So...what I''m hinting at is that some targeted research about the nature of the route you will be traveling and then laying up that information alongside your preferred sailing performance would result in, overall, a more satisfying cruise. There are a ton of sites with this kind of info on the Web, altho'' the best single, easily searchable source I know of is a CD compilation of montly bulletins from the SSCA (www.ssca.org, go to Store, Pubs, select CD). Cheap at $20, easily searched with Adobe Reader.

Second, you will find a lot of anecdotal evidence that any of the boats you''ve listed are capable of doing an Atlantic Circle. Mostly, this is because the most common routes involve exclusively in-season temperate climate sailing with - usually -relatively stable weather systems. As a rule (which has exceptions), you won''t find many survival stories when crossing the Atlantic either way and so the typical problems are more generic to sailboats as a group: chafe and failure of running rigging & sails; engine/transmission weak links (misaligned belts, dirty fuel in dirtier fuel tanks, all shaken as well as stirred); crew safety issues (from puncture wounds to staying aboard the mother ship); and of course the most common issue, reliable self-steering (and for that matter, the integrity of the steering system as a whole). This is where most of the problems exist, most of the time.
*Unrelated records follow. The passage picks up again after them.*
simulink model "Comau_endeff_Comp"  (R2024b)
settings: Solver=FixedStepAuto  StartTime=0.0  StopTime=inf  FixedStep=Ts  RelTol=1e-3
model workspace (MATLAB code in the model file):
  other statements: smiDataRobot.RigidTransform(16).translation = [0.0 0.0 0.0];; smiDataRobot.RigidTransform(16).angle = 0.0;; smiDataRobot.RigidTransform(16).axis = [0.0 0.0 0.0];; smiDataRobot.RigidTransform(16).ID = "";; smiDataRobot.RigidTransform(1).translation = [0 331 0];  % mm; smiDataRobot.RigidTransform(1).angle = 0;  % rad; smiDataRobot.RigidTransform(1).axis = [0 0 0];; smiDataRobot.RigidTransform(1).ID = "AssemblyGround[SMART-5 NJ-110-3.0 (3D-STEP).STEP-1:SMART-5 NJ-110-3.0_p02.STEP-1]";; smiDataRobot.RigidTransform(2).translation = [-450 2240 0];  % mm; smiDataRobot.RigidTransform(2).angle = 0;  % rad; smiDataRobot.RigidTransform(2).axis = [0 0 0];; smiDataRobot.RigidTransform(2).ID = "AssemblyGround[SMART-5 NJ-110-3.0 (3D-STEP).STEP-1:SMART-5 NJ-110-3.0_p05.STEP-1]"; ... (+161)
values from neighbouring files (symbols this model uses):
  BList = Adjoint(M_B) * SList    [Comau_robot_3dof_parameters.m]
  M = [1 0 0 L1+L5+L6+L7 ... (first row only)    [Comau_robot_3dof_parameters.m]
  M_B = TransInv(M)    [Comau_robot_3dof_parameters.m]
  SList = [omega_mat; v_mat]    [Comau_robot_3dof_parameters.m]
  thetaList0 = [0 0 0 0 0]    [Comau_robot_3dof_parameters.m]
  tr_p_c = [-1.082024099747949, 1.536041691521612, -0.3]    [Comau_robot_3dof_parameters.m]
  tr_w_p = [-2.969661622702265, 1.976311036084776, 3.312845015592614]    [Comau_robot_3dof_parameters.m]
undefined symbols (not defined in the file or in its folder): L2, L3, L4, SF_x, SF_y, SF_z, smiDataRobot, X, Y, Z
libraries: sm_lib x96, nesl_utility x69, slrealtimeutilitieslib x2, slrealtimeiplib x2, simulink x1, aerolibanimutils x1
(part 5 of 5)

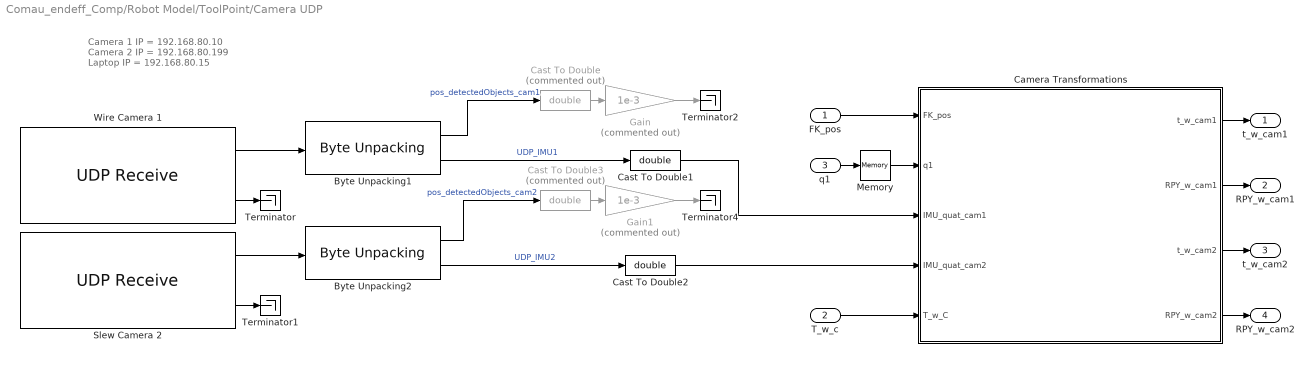
== system Comau_endeff_Comp/Robot Model/ToolPoint/Camera UDP ==
  note: Camera 1 IP = 192.168.80.10
      | Camera 2 IP = 192.168.80.199
      | Laptop IP      = 192.168.80.15
  FK_pos : Inport
  T_w_c : Inport  Port=2
  q1 : Inport  Port=3
  Byte Unpacking1 : slrealtimeutilitieslib/Byte Unpacking  MaskUnpackedDataTypes={'int16', 'single'}  MaskUnpackedDataSizes={[6], [4]}  MaskAlignment=1
  Byte Unpacking2 : slrealtimeutilitieslib/Byte Unpacking  MaskUnpackedDataTypes={'int16', 'single'}  MaskUnpackedDataSizes={[6], [4]}  MaskAlignment=1
  Camera Transformations : MATLAB Function  TreatAsAtomicUnit=on
  Cast To Double : DataTypeConversion  Commented=on  OutDataTypeStr=double  SaturateOnIntegerOverflow=off  RndMeth=Floor
  Cast To Double1 : DataTypeConversion  OutDataTypeStr=double  SaturateOnIntegerOverflow=off  RndMeth=Floor
  Cast To Double2 : DataTypeConversion  OutDataTypeStr=double  SaturateOnIntegerOverflow=off  RndMeth=Floor
  Cast To Double3 : DataTypeConversion  Commented=on  OutDataTypeStr=double  SaturateOnIntegerOverflow=off  RndMeth=Floor
  Gain : Gain  Commented=on  Gain=1e-3
  Gain1 : Gain  Commented=on  Gain=1e-3
  Memory : Memory
  Slew Camera 2 : slrealtimeiplib/UDP Receive  useHostTargetConn=on  ipAddress=192.168.5.80  localPort=5007  rcvWidth=28  rcvFmAny=on  fmAddress='10.10.10.10'  sampleTime=Ts  enableMessage=off  maxPackets=1
  Terminator{,1..2,4} (4 alike) : Terminator
  Wire Camera 1 : slrealtimeiplib/UDP Receive  useHostTargetConn=on  ipAddress=192.168.5.80  localPort=5008  rcvWidth=28  rcvFmAny=on  fmAddress='10.10.10.10'  sampleTime=Ts  enableMessage=off  maxPackets=1
  t_w_cam1 : Outport
  RPY_w_cam1 : Outport  Port=2
  t_w_cam2 : Outport  Port=3
  RPY_w_cam2 : Outport  Port=4
  wires:
  Byte Unpacking1/1 -> Cast To Double/1  "pos_detectedObjects_cam1"
  Wire Camera 1/1 -> Byte Unpacking1/1
  Wire Camera 1/2 -> Terminator/1
  Byte Unpacking1/2 -> Cast To Double1/1  "UDP_IMU1"
  Cast To Double/1 -> Gain/1
  FK_pos/1 -> Camera Transformations/1(FK_pos)
  Camera Transformations/1(t_w_cam1) -> t_w_cam1/1
  Cast To Double1/1 -> Camera Transformations/3(IMU_quat_cam1)
  Camera Transformations/2(RPY_w_cam1) -> RPY_w_cam1/1
  q1/1 -> Memory/1
  Memory/1 -> Camera Transformations/2(q1)
  T_w_c/1 -> Camera Transformations/5(T_w_C)
  Camera Transformations/4(RPY_w_cam2) -> RPY_w_cam2/1
  Camera Transformations/3(t_w_cam2) -> t_w_cam2/1
  Slew Camera 2/2 -> Terminator1/1
  Slew Camera 2/1 -> Byte Unpacking2/1
  Cast To Double2/1 -> Camera Transformations/4(IMU_quat_cam2)
  Byte Unpacking2/2 -> Cast To Double2/1  "UDP_IMU2"
  Byte Unpacking2/1 -> Cast To Double3/1  "pos_detectedObjects_cam2"
  Gain/1 -> Terminator2/1
  Cast To Double3/1 -> Gain1/1
  Gain1/1 -> Terminator4/1

== matlab function Comau_endeff_Comp/TrajectoryGen ==
  settings: updateMethod=DISCRETE
  data: points_x input; points_y input; points_z input; p output size=[1 3]; t input; t_points input; new_command input; traj_method input; p_vel output size=[1 3]; v_max input; traj_running output boolean size=1
function [p, p_vel, traj_running] = TrajectoryGen(points_x, points_y, points_z, t, t_points, new_command, traj_method, v_max)
%#codegen
% TrajectoryGen generates a 3D trajectory based on input waypoints.
%
% Inputs:
%   points_x, points_y, points_z - waypoint vectors or single values
%   depending on trajecotry generator mode (traj_method)
%   t      - current time (scalar)
%   t_points - vector of time stamps for the trajectory
%   new_command - a command counter (as single)
%
% Outputs:
%   p, p_vel - current position and velocity (1x3 vectors)
%   abs_tf_log, base_t_log, local_t, local_tf - diagnostic time variables

% Pre-allocate outputs:
p = zeros(1, 3);
p_vel = zeros(1, 3);

%Traj method for poly spline trajectory
%method = 'quintic';

% Persistent variables for timing and command tracking, and to hold new parameters:
persistent abs_tf base_t last_command 
persistent new_points_x new_points_y new_points_z new_t_points

% Removed cast: t = single(t);

if isempty(abs_tf)
    base_t = 0;
    abs_tf = 0;
end
if isempty(last_command)
    last_command = 0;
end

% Initialize captured parameters if empty:
if isempty(new_points_x)
    new_points_x = points_x;
end
if isempty(new_points_y)
    new_points_y = points_y;
end
if isempty(new_points_z)
    new_points_z = points_z;
end
if isempty(new_t_points)
    new_t_points = t_points;
end

% Detect a new trajectory command:
if new_command ~= last_command
    % Capture the current time as the start:
    base_t = t;
    
    % Capture the new parameters so they remain consistent:
    new_points_x = points_x;
    new_points_y = points_y;
    new_points_z = points_z;
    
    % Calculate the trajectory duration T based on Vmax.
    % Ensure Vmax is not too small and set a minimum time:
    T_min = 1e-6;
    v_max = max(v_max, T_min);
    
    % For a two-point trajectory, use the difference between the first two points.
    T_x = abs(new_points_x(2) - new_points_x(1)) / v_max;
    T_y = abs(new_points_y(2) - new_points_y(1)) / v_max;
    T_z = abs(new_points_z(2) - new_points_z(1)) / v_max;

To spend just a moment at the other end of the weather continuum from what you mentioned (light air sailing), your most likely risks from heavy seas and intense winds will be the following:
- northern route from New England to Ireland (count on little viz and potentially heavy prevailing W''ly winds) or the traditional guide book advice of ''up to 38-40N, then ride the W''lies'' which fails to point out this guarantees a succession of lows and their frontal systems marching past
- crossing the Gulf Stream, which can always have at least a few surprises when a front, opposing current, and some form of localized convective junk are mixed together
- leaving the Med too late in the season(usually anytime from early Oct onward) and being beat up heading for Mediera or the Canaries instead of enjoying the Portuguese Trades most of the way

Why do I mention these? Somewhat counter-intuitively, the way one mitigates these threats today is the same way one avoids disappointing sailing in too-light winds, and it''s this suggestion I think is especially important to you, given your stated preferences. It used to be that we only had pilot charts and guide book advice to go on when planning a route. Once we left and the initial, local wx f''cast vaporized, we just hung in there and took what came. If the Azores High was a little north this year, we found disappointing winds. If the Spring to Summer transition came later than normal in the N Atlantic (this happened in both 2003 and 2004), then we got plastered with one front after the next, its clocking winds (which can head the boat and beat up both it and the crew) and its heavy seas. But this is the way it used to be. Today, it''s very common for boats making any ocean crossing to be pulling down real-time weather f''cast products, daily or perhaps even multiple times daily, and then reshaping their route as they sail it. E.g. in 2003 we could dial in our wind speed within a 5 knot range (and the resulting seas) simply by monitoring the Azores High''s position and the tracks of the lows to our north. When leaving Horta for Falmouth, where the conventional route has one going far west of the rhumb line to avoid being embayed in Biscay with successive gales, we were able to cut many miles off while monitoring N Atlantic systems and their respective tracks.

So...what I''m suggesting is that, to some extent, the kind of sailing you aspire to be doing is under your control NOT just by the kind of boat you pick but by how you prepare your boat & your self in obtaining wx data and using it knowledgeably. This will also help you qualitatively improve your local cruising, as well, once you arrive in Europe and again when you return via the Caribbean. There is a huge wealth of info available on the Web when you reach the point of preparing, altho'' it''s fair to point out the most complete single source of wx f''cast products at this time is available from the Winlink system (www.winlink.org), which requires an amateur radio license (and the time to get it), a SSB transceiver, a ''radio modem'' and a good backstay antenna. To offset these expenses, I''ll point out we have had onboard email (24/7) and abundant wx f''cast products since 1999 and have yet to pay a penny for them. And to get you started on examining some of the web resources when the time comes, I''d suggest you visit www.franksingleton.clara.net among other sites; very comprehensive re: Euro wx f''cast products.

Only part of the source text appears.